Years past, if you found yourself stuck in the city, dinner out on Christmas typically used to be the province of sad hotel buffets, the odd greasy diner, and, of course, the traditional holiday destination for Jewish New Yorkers: the local Chinese restaurant.
Times have changed and the city is never a ghost town, not even on Christmas. Some of the city’s finest restaurants have seized the challenge of making holiday meals worthy of their stellar reputations. So whether you’re avoiding your extended family, keeping it local with a staycation, or your dreams to make it to St. Bart’s this year didn’t quite pan out, you can still travel virtually and enjoy a great meal while you’re at it. Bonus points for not having to hear about politics while your Uncle Lou talks with his mouth full.
Here where to enjoy an international Christmas in New York City:
Kurt Gutenbrunner’s flagship temple to the art of Austrian cuisine serves an elegant, visually vibrant $145 Christmas day tasting menu that’s true to its roots featuring Goose and Venison loin as the evening’s headliners. After sampling his dessert of Gingerbread Soufflé crowned in Egg Nog, good luck finding room for the Christmas cookies that follow. Somehow, you’ll manage.
Skip the long flight to Stockholm and dive into Aquavit’s annual Julboard smorgasbord table. This over the top $95 Christmas Even menu includes three types of cured Salmon, nine types of herring (pictured below) and, yes, plenty of Swedish meatballs. If, for some reason, that’s that’s not your cup of tea, you can just gorge on the assortment of 16 desserts including Kladdkaka, a rich, gooey traditional chocolate cake. [Photo courtesy of @AquavitNYC]

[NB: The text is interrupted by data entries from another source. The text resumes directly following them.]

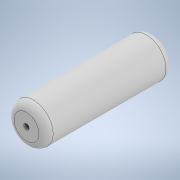
# Autodesk Inventor part: RubberHandleSleeveGBR
Saved by Autodesk Inventor 2020.1 (Build 241239000, 239)
## iProperties
Created: 2020-03-14
Part Number: RubberHandleSleeveGBR
Material: Generic
Document SubType Name: Modeling
Designer: super
Density: 1 g/cm^3
Appearance: Default
Author: super
Autodesk Inventor part; units mm, degrees
ref_plane "YZ Plane" through (0, 0, 0) normal (1, 0, 0) x (0, 1, 0)
ref_plane "XZ Plane" through (0, 0, 0) normal (0, 1, 0) x (-1, 0, 0)
ref_plane "XY Plane" through (0, 0, 0) normal (0, 0, 1) x (1, 0, 0)
sketch "Sketch1" plane through (0, 0, 0) normal (0, 1, 0) x (-1, 0, 0)
  line L0 (0, 0) -> (0, -113.5126)
  line L1 (0, -113.5126) -> (6.35, -113.5126)
  line L2 (6.35, -113.5126) -> (6.35, -3.9624)
  line L3 (0, 0) -> (15.0812, 0)
  line L4 (15.0812, 0) -> (15.0812, -3.9624)
  line L5 (15.0812, -3.9624) -> (6.35, -3.9624)
  line L6 (17.4625, -3.9624) -> (17.4625, -100.2955) construction
  dimension "d0" = 113.5126
  dimension "d1" = 6.35
  dimension "d2" = 109.5502
  dimension "d3" = 15.0813
  dimension "d4" = 2.3813
  constraints: 14 end point, 3 perpendicular, 1 horizontal, 1 parallel, 1 vertical
  measures "d0" distance of L0.start L0.end
  measures "d1" distance of L0.end L1.end
  measures "d2" distance of L1.end L2.end
  measures "d3" distance of L0.start L3.end
  measures "d4" distance of L4.end L6.start
revolve "Revolution1" add sketch "Sketch1" angle 360 about axis through (-17.4625, 0, -3.9624) along (0, 0, -1)
fillet "Fillet1" radius 6.35 2 edges at (-34.925, 0, -113.5126) (-34.925, 0, 0)
body "Solid1"

Mario Batali’s packed to the, ahem, gills West Village pizzeria, Otto, serves up an bargain-priced Feast of the Seven Fishes through Christmas Eve for a mere $45 per person for the whole shebang or $9 for individual samplings. The menu ranges from creamy Baccala (Cod) to a feisty Shrimp & Ceci spiked with ginger and chiles, pictured. You can wash all the deliciousness down with a quartino from Otto’s massive wine list.
Russian Tea Room
Equal parts kitsch and opulence collide here at to celebrate decadence with the Russian Tea Room’s $125 three-course holiday menu ($50 version for kids). On Christmas Day, kick off with Borscht or Blinchicki (mushroom and goat cheese stuffed crepes) followed by a classic selection of artery-clogging entrées including Beef à la Stroganoff and melted butter-spewing Chicken Kiev. You can finish with a relatively restrained Chocolate Mousse cake or just go for broke by requesting a Czarist-inspired Nougat cream parfait topped with, what else, edible gold. A caviar course is extra; fur is optional.